# Your goal
Exactly the lines below from the one with "#4=PRODUCT('Part','Part','',(#3));" up to and including the one with "#46=ADVANCED_FACE('F37',(#34,#45),#23,.T.);" make up the answer, with nothing else added.

# Exercise inputs
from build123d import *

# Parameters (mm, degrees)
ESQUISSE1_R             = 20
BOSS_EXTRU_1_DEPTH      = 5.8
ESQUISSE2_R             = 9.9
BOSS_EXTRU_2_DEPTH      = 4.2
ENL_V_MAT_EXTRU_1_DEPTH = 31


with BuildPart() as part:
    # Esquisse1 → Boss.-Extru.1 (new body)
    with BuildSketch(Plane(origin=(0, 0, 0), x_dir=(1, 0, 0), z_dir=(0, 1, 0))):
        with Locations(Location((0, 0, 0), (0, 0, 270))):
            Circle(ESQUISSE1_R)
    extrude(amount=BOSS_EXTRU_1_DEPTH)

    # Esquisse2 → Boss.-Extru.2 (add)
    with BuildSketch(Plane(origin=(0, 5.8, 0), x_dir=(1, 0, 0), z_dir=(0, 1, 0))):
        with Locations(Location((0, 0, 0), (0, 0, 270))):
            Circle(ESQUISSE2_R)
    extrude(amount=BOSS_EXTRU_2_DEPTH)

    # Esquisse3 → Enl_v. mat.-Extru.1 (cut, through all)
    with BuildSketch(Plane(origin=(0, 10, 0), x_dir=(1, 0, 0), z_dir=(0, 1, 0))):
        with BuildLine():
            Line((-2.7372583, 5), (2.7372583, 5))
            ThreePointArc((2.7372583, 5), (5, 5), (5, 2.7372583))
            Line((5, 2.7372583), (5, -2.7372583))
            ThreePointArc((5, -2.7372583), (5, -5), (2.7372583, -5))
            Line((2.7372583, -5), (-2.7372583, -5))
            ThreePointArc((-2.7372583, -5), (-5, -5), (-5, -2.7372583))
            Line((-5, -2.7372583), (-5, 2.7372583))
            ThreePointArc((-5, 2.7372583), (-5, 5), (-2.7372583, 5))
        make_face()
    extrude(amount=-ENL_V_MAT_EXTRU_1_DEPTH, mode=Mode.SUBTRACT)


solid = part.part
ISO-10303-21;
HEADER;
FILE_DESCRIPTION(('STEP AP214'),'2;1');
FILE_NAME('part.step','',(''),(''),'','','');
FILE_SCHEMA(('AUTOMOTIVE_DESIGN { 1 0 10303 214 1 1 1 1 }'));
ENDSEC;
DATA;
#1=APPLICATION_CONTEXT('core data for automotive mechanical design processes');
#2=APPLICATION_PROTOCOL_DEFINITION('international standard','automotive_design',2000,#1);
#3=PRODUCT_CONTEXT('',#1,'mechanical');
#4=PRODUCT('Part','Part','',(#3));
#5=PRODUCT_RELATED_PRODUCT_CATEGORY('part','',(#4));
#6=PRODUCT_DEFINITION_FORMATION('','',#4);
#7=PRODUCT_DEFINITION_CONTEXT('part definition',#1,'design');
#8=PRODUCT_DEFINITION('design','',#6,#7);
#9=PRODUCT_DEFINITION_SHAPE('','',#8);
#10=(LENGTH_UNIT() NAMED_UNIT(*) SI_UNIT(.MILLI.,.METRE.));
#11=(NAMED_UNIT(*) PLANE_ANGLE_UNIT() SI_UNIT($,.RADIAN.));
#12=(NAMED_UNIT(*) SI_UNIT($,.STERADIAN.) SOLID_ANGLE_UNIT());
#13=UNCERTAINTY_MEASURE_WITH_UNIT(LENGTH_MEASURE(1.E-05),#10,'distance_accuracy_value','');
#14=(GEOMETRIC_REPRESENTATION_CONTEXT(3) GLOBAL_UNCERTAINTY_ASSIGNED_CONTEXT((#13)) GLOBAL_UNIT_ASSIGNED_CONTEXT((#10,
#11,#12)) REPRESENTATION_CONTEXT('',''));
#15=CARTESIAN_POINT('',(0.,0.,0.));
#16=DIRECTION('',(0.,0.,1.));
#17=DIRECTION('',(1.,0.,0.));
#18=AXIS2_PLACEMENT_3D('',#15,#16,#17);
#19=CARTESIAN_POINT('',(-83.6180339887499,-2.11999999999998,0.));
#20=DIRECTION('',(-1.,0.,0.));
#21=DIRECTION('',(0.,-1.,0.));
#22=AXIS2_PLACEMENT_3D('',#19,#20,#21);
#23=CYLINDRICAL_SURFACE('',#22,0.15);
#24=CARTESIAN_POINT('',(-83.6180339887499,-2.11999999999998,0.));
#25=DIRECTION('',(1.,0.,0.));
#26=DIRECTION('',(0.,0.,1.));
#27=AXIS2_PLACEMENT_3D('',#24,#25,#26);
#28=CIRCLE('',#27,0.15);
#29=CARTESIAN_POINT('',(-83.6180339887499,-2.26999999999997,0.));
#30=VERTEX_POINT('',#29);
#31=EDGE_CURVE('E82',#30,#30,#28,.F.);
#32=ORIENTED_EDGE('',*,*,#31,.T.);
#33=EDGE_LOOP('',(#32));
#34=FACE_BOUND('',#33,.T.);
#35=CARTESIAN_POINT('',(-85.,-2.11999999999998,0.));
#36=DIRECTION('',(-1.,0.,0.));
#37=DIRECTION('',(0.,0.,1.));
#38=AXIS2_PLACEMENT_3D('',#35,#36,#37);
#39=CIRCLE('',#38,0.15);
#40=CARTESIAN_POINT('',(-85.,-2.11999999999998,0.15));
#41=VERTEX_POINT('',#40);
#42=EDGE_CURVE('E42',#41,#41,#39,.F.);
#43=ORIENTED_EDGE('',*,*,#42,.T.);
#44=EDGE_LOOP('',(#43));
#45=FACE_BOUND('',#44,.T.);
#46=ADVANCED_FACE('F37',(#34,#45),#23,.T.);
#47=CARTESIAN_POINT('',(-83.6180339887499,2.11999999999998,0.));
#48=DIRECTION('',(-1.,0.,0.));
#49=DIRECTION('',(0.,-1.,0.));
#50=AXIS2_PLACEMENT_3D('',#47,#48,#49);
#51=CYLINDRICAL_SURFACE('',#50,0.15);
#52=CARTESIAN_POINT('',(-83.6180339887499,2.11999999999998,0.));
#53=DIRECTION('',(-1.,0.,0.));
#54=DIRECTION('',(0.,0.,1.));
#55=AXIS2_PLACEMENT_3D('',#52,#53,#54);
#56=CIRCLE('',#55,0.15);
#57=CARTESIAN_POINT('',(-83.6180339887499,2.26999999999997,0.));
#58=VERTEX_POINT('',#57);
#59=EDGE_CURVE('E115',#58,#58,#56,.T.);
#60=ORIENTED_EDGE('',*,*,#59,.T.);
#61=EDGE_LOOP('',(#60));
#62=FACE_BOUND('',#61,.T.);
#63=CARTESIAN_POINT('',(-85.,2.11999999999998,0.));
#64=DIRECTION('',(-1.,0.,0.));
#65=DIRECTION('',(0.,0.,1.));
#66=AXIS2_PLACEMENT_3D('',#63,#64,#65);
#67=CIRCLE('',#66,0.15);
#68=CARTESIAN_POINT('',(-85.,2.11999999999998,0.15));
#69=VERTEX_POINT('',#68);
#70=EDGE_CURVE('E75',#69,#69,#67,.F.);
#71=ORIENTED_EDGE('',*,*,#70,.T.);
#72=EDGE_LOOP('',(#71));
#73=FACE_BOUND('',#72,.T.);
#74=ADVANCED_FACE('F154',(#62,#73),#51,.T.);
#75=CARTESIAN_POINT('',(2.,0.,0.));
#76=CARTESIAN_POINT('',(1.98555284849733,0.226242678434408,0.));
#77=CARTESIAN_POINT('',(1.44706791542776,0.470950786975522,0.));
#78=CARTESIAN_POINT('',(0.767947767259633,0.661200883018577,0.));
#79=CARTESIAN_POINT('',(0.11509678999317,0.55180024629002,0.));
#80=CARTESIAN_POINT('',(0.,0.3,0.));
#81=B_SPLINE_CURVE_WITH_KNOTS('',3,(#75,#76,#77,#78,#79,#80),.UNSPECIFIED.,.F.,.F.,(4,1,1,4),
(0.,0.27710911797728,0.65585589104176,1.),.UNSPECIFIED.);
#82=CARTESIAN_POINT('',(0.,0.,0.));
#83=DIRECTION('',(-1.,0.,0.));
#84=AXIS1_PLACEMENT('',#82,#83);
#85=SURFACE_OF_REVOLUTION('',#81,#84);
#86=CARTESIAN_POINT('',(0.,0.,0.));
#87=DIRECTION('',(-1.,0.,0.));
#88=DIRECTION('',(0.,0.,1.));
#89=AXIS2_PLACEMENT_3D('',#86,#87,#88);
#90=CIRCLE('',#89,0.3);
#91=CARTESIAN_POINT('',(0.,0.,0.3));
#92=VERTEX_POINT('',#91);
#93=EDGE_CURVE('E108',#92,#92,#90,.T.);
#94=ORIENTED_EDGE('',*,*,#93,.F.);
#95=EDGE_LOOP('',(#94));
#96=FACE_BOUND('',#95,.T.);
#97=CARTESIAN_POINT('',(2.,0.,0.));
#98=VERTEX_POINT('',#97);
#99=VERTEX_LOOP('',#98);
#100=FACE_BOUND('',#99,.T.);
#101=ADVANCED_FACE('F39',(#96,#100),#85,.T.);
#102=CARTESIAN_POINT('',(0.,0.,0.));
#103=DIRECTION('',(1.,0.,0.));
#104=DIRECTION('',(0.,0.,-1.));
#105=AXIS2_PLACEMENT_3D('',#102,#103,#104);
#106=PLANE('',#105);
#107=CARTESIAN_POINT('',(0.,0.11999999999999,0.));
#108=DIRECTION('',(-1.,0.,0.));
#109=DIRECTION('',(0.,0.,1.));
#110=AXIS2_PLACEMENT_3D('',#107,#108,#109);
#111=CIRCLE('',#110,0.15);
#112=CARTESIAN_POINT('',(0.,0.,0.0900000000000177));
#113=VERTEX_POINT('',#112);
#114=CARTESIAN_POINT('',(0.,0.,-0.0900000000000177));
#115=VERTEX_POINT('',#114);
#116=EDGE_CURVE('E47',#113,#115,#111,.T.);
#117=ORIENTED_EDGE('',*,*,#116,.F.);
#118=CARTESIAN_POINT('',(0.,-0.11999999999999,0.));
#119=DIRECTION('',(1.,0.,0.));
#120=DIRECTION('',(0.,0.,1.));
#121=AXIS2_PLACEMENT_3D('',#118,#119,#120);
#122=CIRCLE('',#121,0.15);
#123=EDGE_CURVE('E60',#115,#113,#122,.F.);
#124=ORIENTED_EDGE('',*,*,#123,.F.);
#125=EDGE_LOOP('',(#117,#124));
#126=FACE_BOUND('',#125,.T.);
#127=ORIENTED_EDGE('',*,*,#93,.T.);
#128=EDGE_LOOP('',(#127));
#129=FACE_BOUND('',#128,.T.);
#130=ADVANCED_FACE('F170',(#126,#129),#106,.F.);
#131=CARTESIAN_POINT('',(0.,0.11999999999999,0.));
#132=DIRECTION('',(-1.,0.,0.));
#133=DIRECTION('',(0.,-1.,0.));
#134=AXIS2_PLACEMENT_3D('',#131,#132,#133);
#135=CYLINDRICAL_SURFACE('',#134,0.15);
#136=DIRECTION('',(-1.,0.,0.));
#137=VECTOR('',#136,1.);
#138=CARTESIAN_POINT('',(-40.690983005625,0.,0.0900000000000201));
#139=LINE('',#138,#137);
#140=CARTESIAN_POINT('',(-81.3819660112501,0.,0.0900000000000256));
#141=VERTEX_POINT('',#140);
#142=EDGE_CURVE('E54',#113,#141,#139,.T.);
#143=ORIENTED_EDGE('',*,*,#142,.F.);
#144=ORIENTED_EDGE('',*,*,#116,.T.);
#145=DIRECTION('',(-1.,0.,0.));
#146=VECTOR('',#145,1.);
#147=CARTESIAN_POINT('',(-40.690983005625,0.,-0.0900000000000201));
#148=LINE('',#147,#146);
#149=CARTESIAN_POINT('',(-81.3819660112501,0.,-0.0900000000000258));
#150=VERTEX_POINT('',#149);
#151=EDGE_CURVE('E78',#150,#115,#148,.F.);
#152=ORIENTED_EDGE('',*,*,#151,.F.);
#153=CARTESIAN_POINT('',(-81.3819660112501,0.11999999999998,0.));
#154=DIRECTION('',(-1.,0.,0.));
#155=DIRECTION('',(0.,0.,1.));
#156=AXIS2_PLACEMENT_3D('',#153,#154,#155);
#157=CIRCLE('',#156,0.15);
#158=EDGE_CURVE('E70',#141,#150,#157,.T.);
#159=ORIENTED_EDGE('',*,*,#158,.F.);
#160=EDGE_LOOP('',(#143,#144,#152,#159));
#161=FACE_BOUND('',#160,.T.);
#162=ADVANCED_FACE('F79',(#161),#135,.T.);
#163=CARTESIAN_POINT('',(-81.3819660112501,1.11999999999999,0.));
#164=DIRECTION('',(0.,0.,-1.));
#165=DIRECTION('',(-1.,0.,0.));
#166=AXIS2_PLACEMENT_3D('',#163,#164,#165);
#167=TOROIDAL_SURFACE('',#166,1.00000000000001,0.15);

# Written solution
#4=PRODUCT('Part','Part','',(#3));
#5=PRODUCT_RELATED_PRODUCT_CATEGORY('part','',(#4));
#6=PRODUCT_DEFINITION_FORMATION('','',#4);
#7=PRODUCT_DEFINITION_CONTEXT('part definition',#1,'design');
#8=PRODUCT_DEFINITION('design','',#6,#7);
#9=PRODUCT_DEFINITION_SHAPE('','',#8);
#10=(LENGTH_UNIT() NAMED_UNIT(*) SI_UNIT(.MILLI.,.METRE.));
#11=(NAMED_UNIT(*) PLANE_ANGLE_UNIT() SI_UNIT($,.RADIAN.));
#12=(NAMED_UNIT(*) SI_UNIT($,.STERADIAN.) SOLID_ANGLE_UNIT());
#13=UNCERTAINTY_MEASURE_WITH_UNIT(LENGTH_MEASURE(1.E-05),#10,'distance_accuracy_value','');
#14=(GEOMETRIC_REPRESENTATION_CONTEXT(3) GLOBAL_UNCERTAINTY_ASSIGNED_CONTEXT((#13)) GLOBAL_UNIT_ASSIGNED_CONTEXT((#10,
#11,#12)) REPRESENTATION_CONTEXT('',''));
#15=CARTESIAN_POINT('',(0.,0.,0.));
#16=DIRECTION('',(0.,0.,1.));
#17=DIRECTION('',(1.,0.,0.));
#18=AXIS2_PLACEMENT_3D('',#15,#16,#17);
#19=CARTESIAN_POINT('',(-83.6180339887499,-2.11999999999998,0.));
#20=DIRECTION('',(-1.,0.,0.));
#21=DIRECTION('',(0.,-1.,0.));
#22=AXIS2_PLACEMENT_3D('',#19,#20,#21);
#23=CYLINDRICAL_SURFACE('',#22,0.15);
#24=CARTESIAN_POINT('',(-83.6180339887499,-2.11999999999998,0.));
#25=DIRECTION('',(1.,0.,0.));
#26=DIRECTION('',(0.,0.,1.));
#27=AXIS2_PLACEMENT_3D('',#24,#25,#26);
#28=CIRCLE('',#27,0.15);
#29=CARTESIAN_POINT('',(-83.6180339887499,-2.26999999999997,0.));
#30=VERTEX_POINT('',#29);
#31=EDGE_CURVE('E82',#30,#30,#28,.F.);
#32=ORIENTED_EDGE('',*,*,#31,.T.);
#33=EDGE_LOOP('',(#32));
#34=FACE_BOUND('',#33,.T.);
#35=CARTESIAN_POINT('',(-85.,-2.11999999999998,0.));
#36=DIRECTION('',(-1.,0.,0.));
#37=DIRECTION('',(0.,0.,1.));
#38=AXIS2_PLACEMENT_3D('',#35,#36,#37);
#39=CIRCLE('',#38,0.15);
#40=CARTESIAN_POINT('',(-85.,-2.11999999999998,0.15));
#41=VERTEX_POINT('',#40);
#42=EDGE_CURVE('E42',#41,#41,#39,.F.);
#43=ORIENTED_EDGE('',*,*,#42,.T.);
#44=EDGE_LOOP('',(#43));
#45=FACE_BOUND('',#44,.T.);
#46=ADVANCED_FACE('F37',(#34,#45),#23,.T.);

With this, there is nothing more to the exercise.